Yeh dude, downlading the ISO now. BTW, its a 895 MB in size, is there a way i can compress it to write on a cd? i mean is there a software that i can use to create a compressed,mountable cd image?


----------



## clmlbx (Nov 23, 2007)

^^  You Can Use 900 Mb Cd ... But Difficult To Find It 

Downloaded Last Night All In One Dvd .


----------



## Zeeshan Quireshi (Nov 23, 2007)

damnthenet said:
			
		

> I couldn't install the VS express provided in OCT digit.....It seems there r lot of issues
> Will this install without probs????


Ya this works Without Probs.

Digit DVD had only the Installation Bootstrapper and not the whole setup that's why it caused problems


----------



## Krazy_About_Technology (Nov 23, 2007)

clmlbx said:
			
		

> ^^  You Can Use 900 Mb Cd ... But Difficult To Find It
> 
> Downloaded Last Night All In One Dvd .



Yup! haven't seen any here in delhi. Any other suggestions??


----------



## sakumar79 (Nov 24, 2007)

Hmm... They have given web-based installer for each components but for offline installer, they have given option for All-in-one DVD ISO only... Would have been nice if they could have given offline installers for each component separately also...

Arun


----------



## Gigacore (Nov 24, 2007)

thanks for that.....


----------



## ravi_9793 (Nov 24, 2007)

thanks brother for updating


----------



## MetalheadGautham (Nov 24, 2007)

i think i will over burn my CD again...

Can you pls giv this, digit?


----------



## Zeeshan Quireshi (Nov 24, 2007)

sakumar79 said:
			
		

> Hmm... They have given web-based installer for each components but for offline installer, they have given option for All-in-one DVD ISO only... Would have been nice if they could have given offline installers for each component separately also...
> 
> Arun


Fact is that Offline installer for each component rakes about 600 MB each , and as all components share the same backend so an All-in-One DVD takes only 800 MB space which is much better considering you want to install mulitple products .


----------



## r2d2 (Nov 24, 2007)

Is it beta 2 or final release version?


----------



## Krazy_About_Technology (Nov 25, 2007)

^ Its the final version.

They could have given a much nicer package which can install all the products or the choosen ones and using one WCU folder in that. The DVD iso contains 4 copies of SQL Server, .NET Framework, Silverlight Plugin etc. They just ripped the CD ISOs, put them in different folders and created a HTML Application (hta) to run them convieniently. If you copy the contents of dvd on harddrive, it'll take around 3.xxx GB out of which only around 900 MB is useful, rest all is redundent data. I think they have applied some kind of compression in DVD or maybe the WCU folder is only one, others are mere directory entires in ISO filesystem sructure. If it is compression, then it could be well packed into a CD also.


----------



## RCuber (Nov 25, 2007)

Any one working on 3.5?


----------



## CadCrazy (Nov 25, 2007)

Krazy_About_Technology said:
			
		

> Yeh dude, downlading the ISO now. BTW, its a 895 MB in size, is there a way i can compress it to write on a cd? i mean is there a software that i can use to create a compressed,mountable cd image?
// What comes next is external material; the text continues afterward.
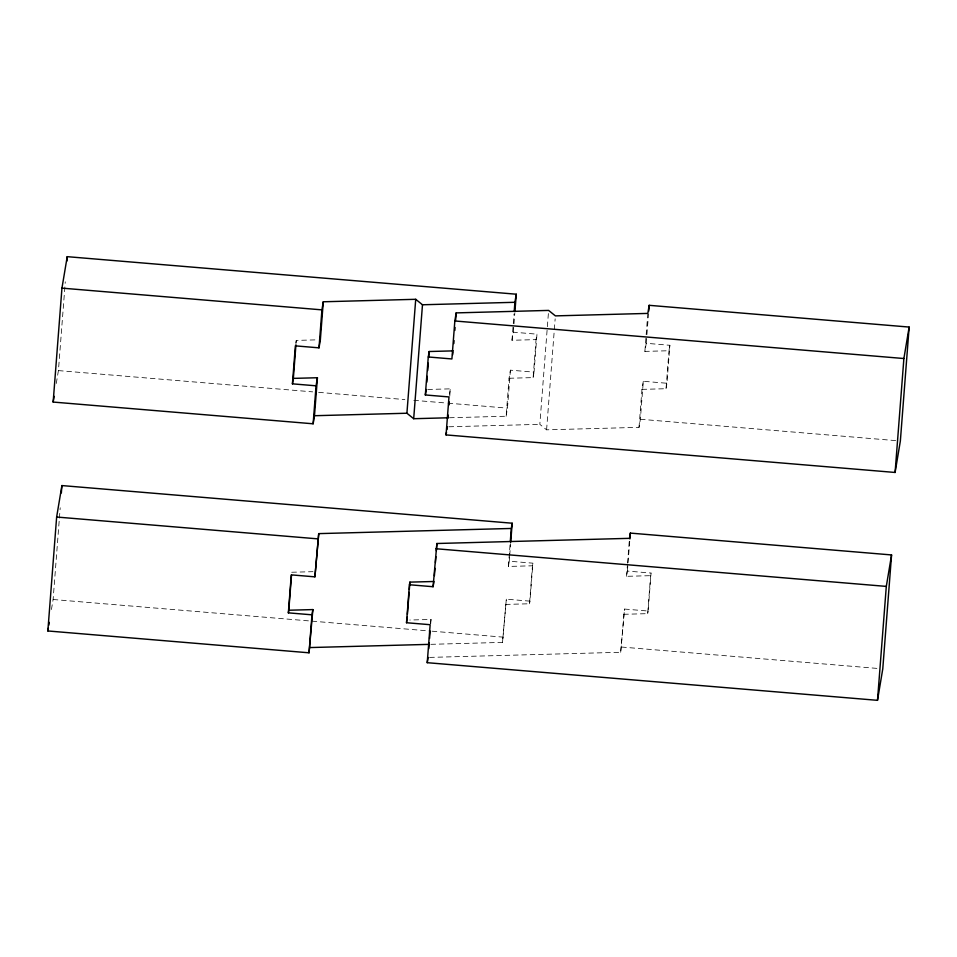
<?xml version="1.0" encoding="UTF-8"?>
<svg xmlns="http://www.w3.org/2000/svg" width="957" height="957" viewBox="0 0 957 957"><rect width="100%" height="100%" fill="white"/><g stroke="black" fill="none" stroke-linecap="round" stroke-linejoin="round"><path stroke-width="0.72" stroke-dasharray="4.79 3.59" d="M56.272 383.47L58.425 370.598L65.279 281.825M51.439 609.513L53.114 599.501L59.286 519.603M59.394 518.12L60.195 507.76M296.048 343.324L296.275 340.405L317.521 339.831M430.698 623.844L431.033 619.466L409.799 620.028M449.766 396.15L450.328 388.853L427.671 389.463M449.467 417.754L506.121 416.235L509.052 378.254L510.404 370.168L534.042 372.141L536.973 334.172L513.335 332.187L511.983 340.273L536.052 339.627L536.973 334.172M511.983 340.273L514.017 313.98M506.121 416.235L507.473 408.149L510.404 370.168M513.335 332.187L514.806 313.202M430.853 644.324L502.509 642.398L506.325 599.178L529.963 601.152L532.893 563.171L509.256 561.197L508.382 566.436L532.451 565.79L532.893 563.171M508.382 566.436L510.177 543.062M502.509 642.398L506.325 599.178M509.256 561.197L509.591 556.818M509.71 555.347L510.607 543.672M509.052 378.254L533.121 377.608L536.052 339.627M669.876 345.286L668.967 350.74L644.886 351.386L646.25 343.3L669.876 345.286L666.945 383.255L643.307 381.281L640.377 419.262L639.025 427.348L546.591 429.825L539.832 424.346L548.505 311.898M505.452 604.417L529.52 603.771L532.451 565.79M546.591 429.825L555.156 318.848M429.597 657.399L620.686 652.279L624.49 609.059L648.128 611.033L651.059 573.052L627.421 571.078L626.548 576.317L650.616 575.671L651.059 573.052M626.548 576.317L627.445 564.63M627.565 563.171L629.479 538.336M620.686 652.279L624.49 609.059M627.421 571.078L629.79 540.406M639.025 427.348L641.956 389.367L643.307 381.281M644.886 351.386L647.817 313.406M646.25 343.3L646.812 336.003M646.92 334.543L648.499 314.087M623.617 614.298L647.686 613.652L650.616 575.671M641.956 389.367L666.036 388.721L668.967 350.74M295.821 343.132L296.275 340.405M449.431 394.236L450.328 388.853M430.375 623.402L431.033 619.466M533.121 377.608L534.042 372.141M529.52 603.771L529.963 601.152M666.036 388.721L666.945 383.255M647.686 613.652L648.128 611.033M448.893 426.786L539.832 424.346M291.718 572.25L312.963 571.676M58.425 370.598L312.688 391.868M318.633 392.358L404.871 399.571M413.795 400.313L446.512 403.053M447.996 403.172L507.473 408.149M640.377 419.262L895.896 440.627M53.114 599.501L430.578 631.07M432.062 631.189L503.394 637.159M621.56 647.04L878.311 668.5"/><path stroke-width="1.44" d="M317.425 377.74L316.061 385.815L292.435 383.841L293.344 378.386L317.425 377.74L314.482 415.721L313.13 423.795L53.161 402.06L61.954 288.129L67.217 256.667L516.266 294.206L514.914 311.743M66.882 261.105L67.217 256.667M312.867 609.585L311.982 614.825L288.356 612.851L288.787 610.231L312.867 609.585L309.051 652.806L47.85 630.962L56.642 517.031L61.906 485.57L512.186 523.216L510.715 542.2M61.344 492.963L61.906 485.57M292.435 383.841L295.366 345.86L319.004 347.846L320.356 339.759L323.287 301.778L415.721 299.302L422.48 304.769L514.914 302.292L516.266 294.206M293.344 378.386L295.94 344.783M288.356 612.851L291.287 574.87L314.913 576.844L318.729 533.623L511.313 528.455L512.186 523.216M288.787 610.231L291.502 575.169M313.13 423.795L316.061 385.815M319.004 347.846L321.935 309.865L323.287 301.778M309.051 652.806L311.982 614.825M314.913 576.844L318.729 533.623M447.972 417.79L413.687 418.711L406.916 413.233L415.721 299.302M413.687 418.711L422.48 304.769M433.09 586.725L436.894 543.504L629.479 538.336L630.352 533.097L891.565 554.94L882.773 668.871L877.497 700.333L427.229 662.687L430.16 624.706L406.522 622.732L409.452 584.751L409.895 582.131L433.964 581.485L433.09 586.725L409.452 584.751M407.192 617.193L406.522 622.732M407.407 614.262L409.106 592.359M409.333 589.428L409.895 582.131M428.269 356.973L451.907 358.959L454.838 320.978L456.19 312.891L548.624 310.415L555.395 315.882L647.817 313.406L649.181 305.319L909.15 327.067L900.358 440.998L895.094 472.459L446.046 434.909L448.977 396.94L425.339 394.954L428.269 356.973L429.191 351.518L453.259 350.872M426.822 382.19L427.277 376.352M427.719 370.503L428.281 363.205M428.736 357.356L429.191 351.518M428.784 648.679L429.226 642.841M429.573 638.451L430.136 631.153M434.418 575.635L434.98 568.338M435.435 562.489L435.878 556.651M436.332 550.813L436.894 543.504M448.079 418.065L448.295 415.147M449.084 404.919L449.312 402M453.821 343.563L454.049 340.644M454.838 330.416L455.065 327.497M455.628 320.2L456.19 312.891M514.232 311.061L514.914 302.292M510.296 541.602L511.313 528.455M629.909 538.935L630.352 533.097M648.726 311.169L649.181 305.319M877.497 700.333L886.302 586.402L891.565 554.94M895.094 472.459L903.887 358.528L909.15 327.067M53.161 402.06L54.118 396.342M47.85 630.962L48.328 628.103M48.807 625.244L49.286 622.385M425.339 394.954L426.26 389.499M452.589 354.915L453.032 352.224M446.046 434.909L446.5 432.217M446.943 429.526L447.398 426.834M427.229 662.687L428.102 657.447M314.482 415.721L406.916 413.233M309.936 647.566L429.358 644.36M61.954 288.129L321.935 309.865M454.838 320.978L903.887 358.528M56.642 517.031L317.844 538.863M436.021 548.744L886.302 586.402"/></g></svg>

Use poweriso and save the image as .daa (remember only poweriso can open/mount it). It is much more compact than standard iso image files


----------



## azaad_shri75 (Nov 25, 2007)

CadCrazy said:
			
		

> Use poweriso and save the image as .daa (remember only poweriso can open/mount it). It is much more compact than standard iso image files


same ISO inage can be mounted with power ISO,no need to burn on discs.


----------



## CadCrazy (Nov 25, 2007)

Read his lines carefully he want *compressed mountable image format* not standard iso image


----------



## Zeeshan Quireshi (Nov 25, 2007)

Charan said:
			
		

> Any one working on 3.5?


I Will setup 3.5 ENvironment soon , after i give my SAT 2 on Dec 1 .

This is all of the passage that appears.